William Peter Blatty’s The Ninth Configuration

William Peter Blatty’s The Ninth Configuration is tough to encapsulate in a review and pretty much impossible to tether to any specific genre. Picture a gum-ball machine full of primary coloured spheres and a few speckled throughout that are multicoloured and not just that but the colours seem to shift, migrate and elbow each other around the tiny globe like a scintillating oil spill. That’s not to say that the vast majority of single colour orbs don’t represent films that defy genre or think outside the box, it’s just that the multi hued mystery flavour ones head so far out past the stratosphere of genre playgrounds that they almost create a plane all their own. This is most definitely one such film.

Somewhere in the misty mountains of the Pacific Nortwest (actually filmed in Germany and Hungary) a giant, gothic castle plays host to a group of American ex-soldiers, committed to mental health treatment for PTSD and a host of other issues but left to roam free and act out their delusions more than anything else. Among them are Captain Billy Cutshaw (Scott Wilson), a once great astronaut who wigged out and lost his shit minutes away from a moon voyage launch, Frankie Reno (Jason Miller) who is recreating Shakespeare plays using all canine actors and a whole team of others with their own set of eccentricities. Together they are a classroom full of clowns who at first appear to be irreversible loonies, but as we know in human beings, that is ever solely the case. Stacy Keach is Colonel Vincent Kane, a distant, disturbed psychiatrist brought into treat them and he uses methods that range from complacent to empathetic to just as bizarre as their behaviour. I’ve just described general plot but that does nothing in imparting the dense, deep and often elusive philosophical ideas this wondrous film has to offer.

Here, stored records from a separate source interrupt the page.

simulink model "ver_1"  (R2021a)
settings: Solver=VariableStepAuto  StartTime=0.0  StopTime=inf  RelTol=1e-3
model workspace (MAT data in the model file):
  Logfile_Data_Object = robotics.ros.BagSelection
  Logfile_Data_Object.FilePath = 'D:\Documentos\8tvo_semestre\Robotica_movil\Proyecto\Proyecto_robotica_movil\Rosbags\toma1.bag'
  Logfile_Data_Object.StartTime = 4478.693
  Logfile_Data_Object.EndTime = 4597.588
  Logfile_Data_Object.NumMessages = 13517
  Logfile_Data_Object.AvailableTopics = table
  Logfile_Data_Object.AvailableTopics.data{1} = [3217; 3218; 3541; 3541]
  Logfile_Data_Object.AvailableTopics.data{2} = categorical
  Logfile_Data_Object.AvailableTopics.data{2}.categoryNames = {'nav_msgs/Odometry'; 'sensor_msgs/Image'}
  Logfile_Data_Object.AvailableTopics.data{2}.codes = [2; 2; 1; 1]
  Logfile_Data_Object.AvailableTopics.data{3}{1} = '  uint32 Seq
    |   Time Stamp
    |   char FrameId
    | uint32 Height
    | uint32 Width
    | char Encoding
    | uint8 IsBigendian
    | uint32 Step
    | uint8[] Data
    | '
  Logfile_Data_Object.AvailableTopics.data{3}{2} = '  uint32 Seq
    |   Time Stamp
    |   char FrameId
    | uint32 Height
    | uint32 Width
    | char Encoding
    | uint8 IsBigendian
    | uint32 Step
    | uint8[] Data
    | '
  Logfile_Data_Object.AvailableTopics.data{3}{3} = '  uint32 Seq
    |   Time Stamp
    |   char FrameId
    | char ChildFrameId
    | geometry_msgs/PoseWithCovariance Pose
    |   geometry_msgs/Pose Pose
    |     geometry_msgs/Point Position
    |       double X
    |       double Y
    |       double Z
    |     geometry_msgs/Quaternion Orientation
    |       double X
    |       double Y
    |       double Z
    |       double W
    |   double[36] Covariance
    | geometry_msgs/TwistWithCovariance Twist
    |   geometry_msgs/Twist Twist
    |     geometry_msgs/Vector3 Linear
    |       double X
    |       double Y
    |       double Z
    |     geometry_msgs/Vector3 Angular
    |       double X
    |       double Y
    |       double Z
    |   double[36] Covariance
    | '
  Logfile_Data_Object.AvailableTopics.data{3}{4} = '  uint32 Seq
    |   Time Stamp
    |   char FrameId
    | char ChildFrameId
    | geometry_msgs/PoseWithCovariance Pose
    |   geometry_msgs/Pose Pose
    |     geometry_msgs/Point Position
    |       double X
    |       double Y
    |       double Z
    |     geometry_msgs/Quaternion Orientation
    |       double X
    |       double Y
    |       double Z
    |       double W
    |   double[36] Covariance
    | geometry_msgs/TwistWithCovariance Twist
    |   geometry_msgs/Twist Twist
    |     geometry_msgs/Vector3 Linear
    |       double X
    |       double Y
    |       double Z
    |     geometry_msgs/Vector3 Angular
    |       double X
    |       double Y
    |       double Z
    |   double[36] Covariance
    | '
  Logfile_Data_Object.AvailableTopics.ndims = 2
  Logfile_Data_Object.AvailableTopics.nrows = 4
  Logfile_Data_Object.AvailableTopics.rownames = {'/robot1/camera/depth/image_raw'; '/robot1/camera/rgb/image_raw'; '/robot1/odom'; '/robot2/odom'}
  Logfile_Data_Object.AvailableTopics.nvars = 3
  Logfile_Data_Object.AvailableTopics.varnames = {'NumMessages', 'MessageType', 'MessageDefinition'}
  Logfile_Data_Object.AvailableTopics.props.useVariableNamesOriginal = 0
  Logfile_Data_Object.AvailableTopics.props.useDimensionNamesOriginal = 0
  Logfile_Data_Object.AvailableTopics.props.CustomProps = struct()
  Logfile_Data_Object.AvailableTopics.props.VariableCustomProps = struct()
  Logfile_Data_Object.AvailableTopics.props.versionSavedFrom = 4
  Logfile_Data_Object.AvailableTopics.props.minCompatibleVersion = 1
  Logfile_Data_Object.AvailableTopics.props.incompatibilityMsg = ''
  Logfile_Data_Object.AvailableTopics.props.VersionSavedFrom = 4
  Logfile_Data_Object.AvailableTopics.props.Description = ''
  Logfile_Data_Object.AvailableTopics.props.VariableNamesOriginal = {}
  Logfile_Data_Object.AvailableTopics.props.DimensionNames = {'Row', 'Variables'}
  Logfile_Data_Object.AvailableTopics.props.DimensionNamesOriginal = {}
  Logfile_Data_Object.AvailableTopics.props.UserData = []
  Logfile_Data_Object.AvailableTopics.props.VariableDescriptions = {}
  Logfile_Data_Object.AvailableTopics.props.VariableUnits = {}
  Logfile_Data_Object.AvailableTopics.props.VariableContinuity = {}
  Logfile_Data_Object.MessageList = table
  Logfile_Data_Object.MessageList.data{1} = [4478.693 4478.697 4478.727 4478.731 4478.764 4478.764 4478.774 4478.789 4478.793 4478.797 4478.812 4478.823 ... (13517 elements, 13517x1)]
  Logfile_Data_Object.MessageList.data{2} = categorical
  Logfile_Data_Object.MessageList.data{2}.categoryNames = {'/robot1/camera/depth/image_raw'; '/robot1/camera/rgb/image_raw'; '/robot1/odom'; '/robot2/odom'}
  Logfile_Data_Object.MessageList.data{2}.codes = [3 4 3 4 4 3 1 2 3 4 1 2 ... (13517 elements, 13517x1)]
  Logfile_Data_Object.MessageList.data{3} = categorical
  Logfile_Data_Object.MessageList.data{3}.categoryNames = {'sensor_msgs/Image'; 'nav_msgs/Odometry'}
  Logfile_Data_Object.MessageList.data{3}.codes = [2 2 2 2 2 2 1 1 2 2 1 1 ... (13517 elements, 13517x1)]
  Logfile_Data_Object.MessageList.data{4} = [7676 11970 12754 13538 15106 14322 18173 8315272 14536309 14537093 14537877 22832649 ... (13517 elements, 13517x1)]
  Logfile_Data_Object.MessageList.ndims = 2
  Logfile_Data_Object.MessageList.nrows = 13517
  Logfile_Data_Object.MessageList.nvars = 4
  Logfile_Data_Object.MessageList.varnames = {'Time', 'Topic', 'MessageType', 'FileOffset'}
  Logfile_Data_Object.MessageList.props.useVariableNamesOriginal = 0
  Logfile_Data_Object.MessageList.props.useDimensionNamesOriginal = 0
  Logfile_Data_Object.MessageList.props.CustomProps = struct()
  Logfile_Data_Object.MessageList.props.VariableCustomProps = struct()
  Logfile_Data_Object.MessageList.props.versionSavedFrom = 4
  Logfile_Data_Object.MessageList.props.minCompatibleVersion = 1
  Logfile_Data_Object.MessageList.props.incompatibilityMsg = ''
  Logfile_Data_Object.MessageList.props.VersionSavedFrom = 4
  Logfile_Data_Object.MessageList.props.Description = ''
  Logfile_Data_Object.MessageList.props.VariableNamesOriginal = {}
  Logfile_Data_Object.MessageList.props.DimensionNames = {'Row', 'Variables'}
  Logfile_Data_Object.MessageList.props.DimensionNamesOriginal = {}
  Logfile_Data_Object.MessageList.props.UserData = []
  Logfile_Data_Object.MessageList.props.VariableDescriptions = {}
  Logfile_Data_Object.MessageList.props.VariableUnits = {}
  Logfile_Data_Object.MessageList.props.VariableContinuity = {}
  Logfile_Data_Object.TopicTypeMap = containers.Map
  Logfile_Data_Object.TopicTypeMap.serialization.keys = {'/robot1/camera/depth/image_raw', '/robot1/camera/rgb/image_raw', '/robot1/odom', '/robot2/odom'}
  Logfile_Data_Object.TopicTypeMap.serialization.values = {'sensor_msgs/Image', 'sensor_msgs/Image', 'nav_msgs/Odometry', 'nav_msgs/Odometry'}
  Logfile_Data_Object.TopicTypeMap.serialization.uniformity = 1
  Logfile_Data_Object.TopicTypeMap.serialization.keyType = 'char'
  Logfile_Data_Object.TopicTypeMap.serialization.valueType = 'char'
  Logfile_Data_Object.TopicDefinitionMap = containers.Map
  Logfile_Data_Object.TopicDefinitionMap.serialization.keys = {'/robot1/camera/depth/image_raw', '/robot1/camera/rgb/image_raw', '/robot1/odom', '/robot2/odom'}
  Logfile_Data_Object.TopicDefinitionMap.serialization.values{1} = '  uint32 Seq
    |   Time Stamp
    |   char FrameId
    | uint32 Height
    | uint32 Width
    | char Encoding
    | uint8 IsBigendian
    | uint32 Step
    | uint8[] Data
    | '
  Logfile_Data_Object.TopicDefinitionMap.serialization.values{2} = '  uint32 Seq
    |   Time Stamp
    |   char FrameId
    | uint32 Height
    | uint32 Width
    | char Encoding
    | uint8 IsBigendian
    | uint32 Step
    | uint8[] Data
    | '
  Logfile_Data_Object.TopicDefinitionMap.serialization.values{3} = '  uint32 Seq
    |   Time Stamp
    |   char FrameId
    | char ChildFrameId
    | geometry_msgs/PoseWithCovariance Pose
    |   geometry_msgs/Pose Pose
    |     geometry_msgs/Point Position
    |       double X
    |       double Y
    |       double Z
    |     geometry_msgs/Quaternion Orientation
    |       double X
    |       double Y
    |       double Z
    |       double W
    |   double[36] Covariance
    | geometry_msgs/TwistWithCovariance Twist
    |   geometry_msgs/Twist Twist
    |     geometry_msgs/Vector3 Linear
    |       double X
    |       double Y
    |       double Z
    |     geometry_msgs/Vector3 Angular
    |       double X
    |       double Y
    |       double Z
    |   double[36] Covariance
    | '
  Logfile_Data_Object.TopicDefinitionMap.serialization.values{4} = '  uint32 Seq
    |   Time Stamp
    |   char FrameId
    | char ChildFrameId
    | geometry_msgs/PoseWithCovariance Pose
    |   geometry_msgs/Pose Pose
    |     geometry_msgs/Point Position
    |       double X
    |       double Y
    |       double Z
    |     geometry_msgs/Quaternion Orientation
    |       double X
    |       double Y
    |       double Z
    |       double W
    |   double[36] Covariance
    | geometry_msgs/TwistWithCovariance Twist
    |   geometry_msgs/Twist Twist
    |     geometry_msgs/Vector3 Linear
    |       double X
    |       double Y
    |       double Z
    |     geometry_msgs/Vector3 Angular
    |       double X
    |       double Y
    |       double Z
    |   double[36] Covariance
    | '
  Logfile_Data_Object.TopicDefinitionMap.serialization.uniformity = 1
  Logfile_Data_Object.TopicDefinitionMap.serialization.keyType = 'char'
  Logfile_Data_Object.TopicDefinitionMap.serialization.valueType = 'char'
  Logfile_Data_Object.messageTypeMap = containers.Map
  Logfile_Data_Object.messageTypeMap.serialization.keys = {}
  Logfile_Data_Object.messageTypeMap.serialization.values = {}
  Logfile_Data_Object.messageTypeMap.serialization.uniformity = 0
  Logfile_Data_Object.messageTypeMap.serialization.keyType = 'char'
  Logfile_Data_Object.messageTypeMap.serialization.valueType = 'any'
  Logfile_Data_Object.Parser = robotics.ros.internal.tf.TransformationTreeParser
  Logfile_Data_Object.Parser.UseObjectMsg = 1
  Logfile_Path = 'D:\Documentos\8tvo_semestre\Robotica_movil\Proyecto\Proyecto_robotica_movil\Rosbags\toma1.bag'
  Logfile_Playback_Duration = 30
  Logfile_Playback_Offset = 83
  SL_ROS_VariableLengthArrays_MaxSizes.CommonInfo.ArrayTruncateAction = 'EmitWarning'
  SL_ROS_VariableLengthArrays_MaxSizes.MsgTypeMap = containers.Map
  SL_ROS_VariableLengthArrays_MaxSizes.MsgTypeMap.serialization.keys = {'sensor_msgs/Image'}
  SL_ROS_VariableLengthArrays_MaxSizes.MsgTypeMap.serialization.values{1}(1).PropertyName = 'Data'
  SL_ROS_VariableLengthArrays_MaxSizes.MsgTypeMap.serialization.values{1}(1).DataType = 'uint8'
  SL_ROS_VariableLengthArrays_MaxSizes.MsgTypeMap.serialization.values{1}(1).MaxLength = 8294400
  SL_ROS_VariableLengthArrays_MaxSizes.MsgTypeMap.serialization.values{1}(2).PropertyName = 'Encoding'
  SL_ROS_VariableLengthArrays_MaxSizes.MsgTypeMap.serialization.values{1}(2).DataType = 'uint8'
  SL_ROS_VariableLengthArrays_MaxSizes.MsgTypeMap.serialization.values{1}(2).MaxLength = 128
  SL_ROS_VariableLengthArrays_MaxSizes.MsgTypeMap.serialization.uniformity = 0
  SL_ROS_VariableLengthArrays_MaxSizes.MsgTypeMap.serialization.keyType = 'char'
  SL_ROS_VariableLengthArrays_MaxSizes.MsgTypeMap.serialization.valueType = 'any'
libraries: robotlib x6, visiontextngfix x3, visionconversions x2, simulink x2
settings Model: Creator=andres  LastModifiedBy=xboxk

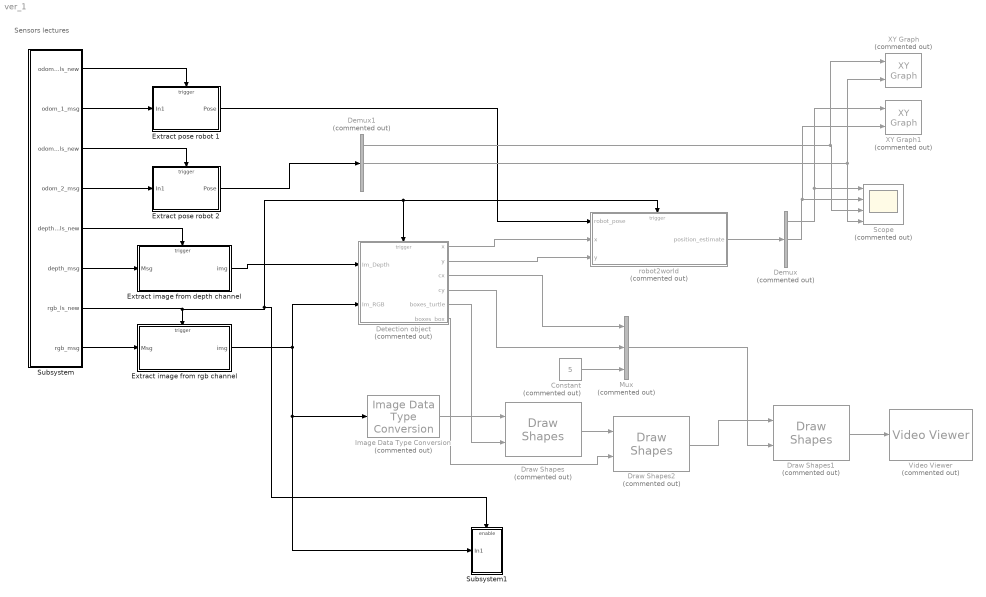
== system ver_1 ==
  note: Sensors lectures
  Constant : Constant  Commented=on  Value=5
  Demux : Demux  Commented=on  Outputs=3
  Demux1 : Demux  Commented=on  Outputs=3
  Detection object : Subsystem  Commented=on
  Draw Shapes : visiontextngfix/Draw Shapes  Commented=on  shape=Rectangles  fill=off  lineWidth=2  fillClrSource=Specify via dialog  display=User-specified value  intensity=200  color=[255 0 0]  opacity=0.6  viewport=Entire image  antialiasing=off  inType=Obsolete  imagePorts=One multidimensional signal  roundingMode=Floor  overflowMode=off  memoryMode=Specify word length  memoryWordLength=16  prodOutputMode=Binary point scaling  prodOutputWordLength=32  prodOutputFracLength=14  memoryFracLength=15
  Draw Shapes1 : visiontextngfix/Draw Shapes  Commented=on  shape=Circles  fill=off  lineWidth=2  fillClrSource=Specify via dialog  display=User-specified value  intensity=200  color=[255 0 0]  opacity=0.6  viewport=Entire image  antialiasing=off  inType=Obsolete  imagePorts=One multidimensional signal  roundingMode=Floor  overflowMode=off  memoryMode=Specify word length  memoryWordLength=16  prodOutputMode=Binary point scaling  prodOutputWordLength=32  prodOutputFracLength=14  memoryFracLength=15
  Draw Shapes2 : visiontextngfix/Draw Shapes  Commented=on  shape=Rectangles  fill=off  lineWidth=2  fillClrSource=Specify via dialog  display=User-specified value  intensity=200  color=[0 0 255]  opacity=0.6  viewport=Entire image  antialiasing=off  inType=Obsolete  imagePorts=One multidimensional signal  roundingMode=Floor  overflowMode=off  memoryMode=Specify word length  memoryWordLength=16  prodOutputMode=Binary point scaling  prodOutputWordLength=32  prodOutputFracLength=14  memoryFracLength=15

Blatty we all know as the author of The Exorcist, and he’s made it very clear that this is the spiritual sequel to that story. It’s a tough film to digest and unpack but infinitely rewarding for a few key reasons: He is adapting his own novel here, and as such we get an unfiltered glimpse of his creative ideas that cuts out all middle men and is the purest form of his work on the page. This was mostly financed by Pepsi of all people, who made a deal with him that if he filmed at least part of it in Hungary (where they had landlocked funds) that there’d be no interference on their part on anyone else’s. This allows a difficult, unconventional but extremely rewarding experience to unfold onscreen. Wilson is brilliant as the spooked astronaut, hiding his true nature behind a barrage of nonsensical banter and getting as down to earth as anyone could in a heartbreaking monologue that outlines exactly why he wouldn’t go to the moon and pinpoints a good portion of humanity’s collective existential dread in the process. Keach is hauntingly detached as Kane, a man obsessed with duality and the nature of good and evil in our world, it’s a tough character to nail down but the arc is secure in his hands. This is one of those ‘like nothing you’ve ever seen before’ films that can actually say it’s earned it. Part psychological thriller, part cerebral mood piece with touches of dark comedy, sympathy for the afflicted and ambition to understand the turmoil and alienation of the human spirit. Absolutely brilliant film.